The database of images has varying dimensions, which makes it challenging to use them as inputs for machine learning models. Therefore, in the first step of the proposed method, the dimensions of all samples have been changed to 200 × 200 pixels to achieve a unified structure for introducing these samples to the machine learning models. All images were resized using bicubic interpolation. This method was chosen to maintain image quality during resizing without cropping, ensuring that the entire content of the woodcut is preserved. After resizing the samples, the preprocessing process targets the description of images in the color system. The initial images are described in RGB format, where the pixels of each sample are represented by intensity values for each of the three color layers in the range of [0, + 255]. Color features are significant in identifying the artistic style of the artworks; however, the intensity feature, which is visually represented as brightness, can be disregarded. To eliminate features related to intensity, the color system of each image is first converted from RGB to HSI. This action isolates the intensity feature in a separate layer from the image. Next, the I layer in the converted image is removed so that each image is described using the two layers H and S. Doing this results in each image being represented in a matrix format of 2 × 200 × 200. The resulting set forms the input for the learning models in the second phase of the proposed method.

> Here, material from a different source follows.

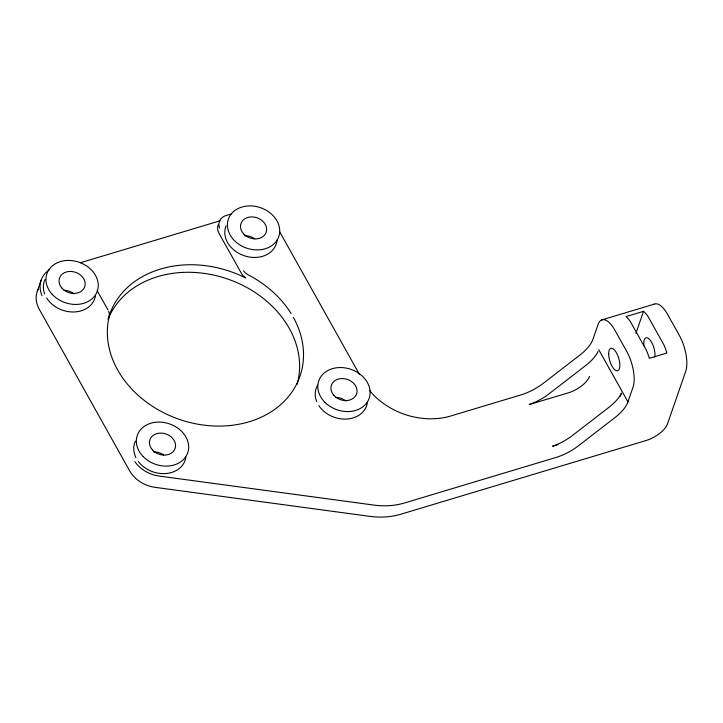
<?xml version="1.0" encoding="UTF-8"?>
<svg xmlns="http://www.w3.org/2000/svg" width="723" height="723" viewBox="0 0 723 723"><rect width="100%" height="100%" fill="white"/><g stroke="black" fill="none" stroke-linecap="round" stroke-linejoin="round"><path stroke-width="1.08" d="M108.025 319.322L108.577 317.686M620.361 396.231L621.428 393.113A33.339 14.812 -29.2 0 1 608.929 407.329L572.625 435.345A33.339 14.812 -29.2 0 1 552.598 446.236L557.993 444.627M37.271 291.306L41.184 280.009M635.915 333.348L643.533 311.333L644.329 312.011A26.67 10.664 73.3 0 1 647.844 316.15L663.795 344.681A26.679 10.664 73.3 0 1 666.389 351.468L666.868 353.05L649.308 358.328L648.829 356.746A26.679 10.664 73.3 0 0 646.235 349.959L630.275 321.428A26.67 10.664 73.3 0 0 626.769 317.289L625.973 316.611L643.533 311.333M134.849 461.626A30.005 24.058 19.1 0 0 159.187 476.068L373.981 505.097A66.688 53.466 19.1 0 0 404.735 502.919L555.851 457.505A33.339 14.812 -29.2 0 0 578.463 445.775L614.758 417.758A33.339 14.812 -29.2 0 0 627.944 401.861L633.068 387.067A26.679 10.664 73.3 0 0 626.615 351.143L614.948 330.284A26.679 10.664 73.3 0 0 598.066 324.491L592.941 339.286A33.339 14.812 -29.2 0 1 579.765 355.174L543.461 383.199A33.339 14.812 -29.2 0 1 520.858 394.93L451.035 415.915A66.688 53.466 19.1 0 1 412.616 416.674C400.949 413.918 389.86 408.667 380.461 401.211A66.688 53.466 19.1 0 1 369.543 390.465M231.441 213.891L226.127 215.49A13.339 10.691 19.1 0 0 219.584 228.043M80.19 262.82L220.117 220.768M601.617 319.964L654.297 304.13M97.162 290.727L107.98 309.887M598.78 349.715L627.944 401.861M279.485 231.441L359.494 374.496M243.47 270.754A13.339 10.691 19.1 0 0 248.567 275.038A100.027 80.199 19.1 0 1 291.098 313.52M293.402 317.451A100.027 80.199 19.1 0 1 249.173 421.753A100.027 80.199 19.1 0 1 117.795 370.221L115.68 366.236A100.027 80.199 19.1 0 1 109.11 316.945A13.339 10.691 19.1 0 0 108.64 311.27M108.305 318.644A100.027 80.199 19.1 0 1 227.953 279.114A100.027 80.199 19.1 0 1 297.054 384.356M218.247 224.799A13.339 10.691 19.1 0 0 218.942 233.204L241.31 273.186A13.339 10.691 19.1 0 0 245.784 277.921L242.847 276.602A100.027 80.199 19.1 0 0 108.848 316.873M277.054 239.946A26.679 21.383 19.1 0 1 246.01 256.285A26.679 21.383 19.1 0 1 226.055 225.901M367.411 402.124A26.679 21.383 19.1 0 1 347.085 419.033A26.679 21.383 19.1 0 1 318.852 405.621M316.71 401.563A26.679 21.383 19.1 0 1 317.605 385.242M185.874 457.171A26.679 21.383 19.1 0 1 166.236 473.511A26.679 21.383 19.1 0 1 138.418 461.608M135.951 457.65A26.679 21.383 19.1 0 1 135.409 441.147M95.472 295.517A26.679 21.383 19.1 0 1 74.596 311.947A26.679 21.383 19.1 0 1 46.67 298.003M44.636 293.918A26.679 21.383 19.1 0 1 45.007 279.485M42.051 295.689A30.005 24.058 19.1 0 1 49.661 269.562M589.552 376.349A20.009 8.884 -29.2 0 1 568.079 392.923L529.263 404.519A33.339 14.812 -29.2 0 0 549.299 393.628L585.594 365.603A33.339 14.812 -29.2 0 0 598.102 351.387M38.138 289.254A30.005 24.058 19.1 0 0 39.241 309.182L129.643 470.845A30.014 24.058 19.1 0 0 155.273 487.374L370.068 516.394A66.688 53.466 19.1 0 0 400.822 514.216L646.019 440.533A20.009 8.884 -29.2 0 0 667.492 423.958L685.747 371.233A26.679 10.664 73.3 0 0 679.295 335.309L667.636 314.451A26.679 10.664 73.3 0 0 653.42 304.627M643.949 345.793A11.667 4.663 73.3 0 1 644.13 340.37L644.464 339.403A11.667 4.663 73.3 0 1 651.477 342.069A11.667 4.663 73.3 0 1 654.767 357.063M244.582 235.743A13.339 10.691 19.1 0 1 254.758 238.816M64.004 290.257A13.339 10.691 19.1 0 1 73.99 293.881M153.529 451.929A13.339 10.691 19.1 0 1 163.696 455.002M335.879 397.388A13.339 10.691 19.1 0 1 345.865 401.012M325.016 402.413A26.679 21.383 19.1 0 0 369.064 398.617A26.679 21.383 19.1 0 0 337.84 367.655A26.679 21.383 19.1 0 0 325.016 402.413M233.348 239.43A26.679 21.383 19.1 0 0 278.048 238.391A26.679 21.383 19.1 0 0 249.29 205.901A26.679 21.383 19.1 0 0 233.348 239.43M52.291 294.406A26.679 21.383 19.1 0 0 96.801 292.444A26.679 21.383 19.1 0 0 67.203 260.452A26.679 21.383 19.1 0 0 52.291 294.406M143.118 456.511A26.679 21.383 19.1 0 0 187.411 453.628A26.679 21.383 19.1 0 0 156.99 422.142A26.679 21.383 19.1 0 0 143.118 456.511M152.417 449.878A13.339 10.691 19.1 0 0 174.758 449.317A13.339 10.691 19.1 0 0 160.343 433.095A13.339 10.691 19.1 0 0 152.417 449.878M608.676 354.324A11.667 4.663 73.3 0 0 617.261 370.791A11.667 4.663 73.3 0 0 616.855 353.52A11.667 4.663 73.3 0 0 608.676 354.324M333.881 395.345A13.339 10.691 19.1 0 0 356.222 394.785A13.339 10.691 19.1 0 0 341.807 378.563A13.339 10.691 19.1 0 0 333.881 395.345M243.814 234.053A13.339 10.691 19.1 0 0 265.992 232.734A13.339 10.691 19.1 0 0 250.89 216.927A13.339 10.691 19.1 0 0 243.814 234.053M61.69 287.844A13.339 10.691 19.1 0 0 84.166 288.043A13.339 10.691 19.1 0 0 70.447 271.432A13.339 10.691 19.1 0 0 61.69 287.844"/></g></svg>

Image analysis by CNNs for predicting the time period and artistic style of the artwork

In the process of identifying the artistic style of Chinese woodcuts, the stacked ensemble will use three CNN models to analyze the pre-processed images. The first CNN model will predict the time period, and the other two will attempt to identify the related artistic style category of the Chinese woodcut by processing the hidden patterns in the image. These three models have a similar architecture in layers, but the details of hyperparameter configuration are different among them. Figure 3 shows the structure of layer arrangement in these three CNN models.

Fig. 3
figure 3

Layer Arrangement Structure in the CNN Models of the Proposed Stacked Ensemble.

The two CNN models, CNN1 and CNN2, are fed with preprocessed images; thus, their layer architectures are two-dimensional. On the other hand, CNN3 differs in input from the other two models. This CNN obtains its input data through statistical features and GLCM extracted from the initial image; consequently, its overall architecture is one-dimensional.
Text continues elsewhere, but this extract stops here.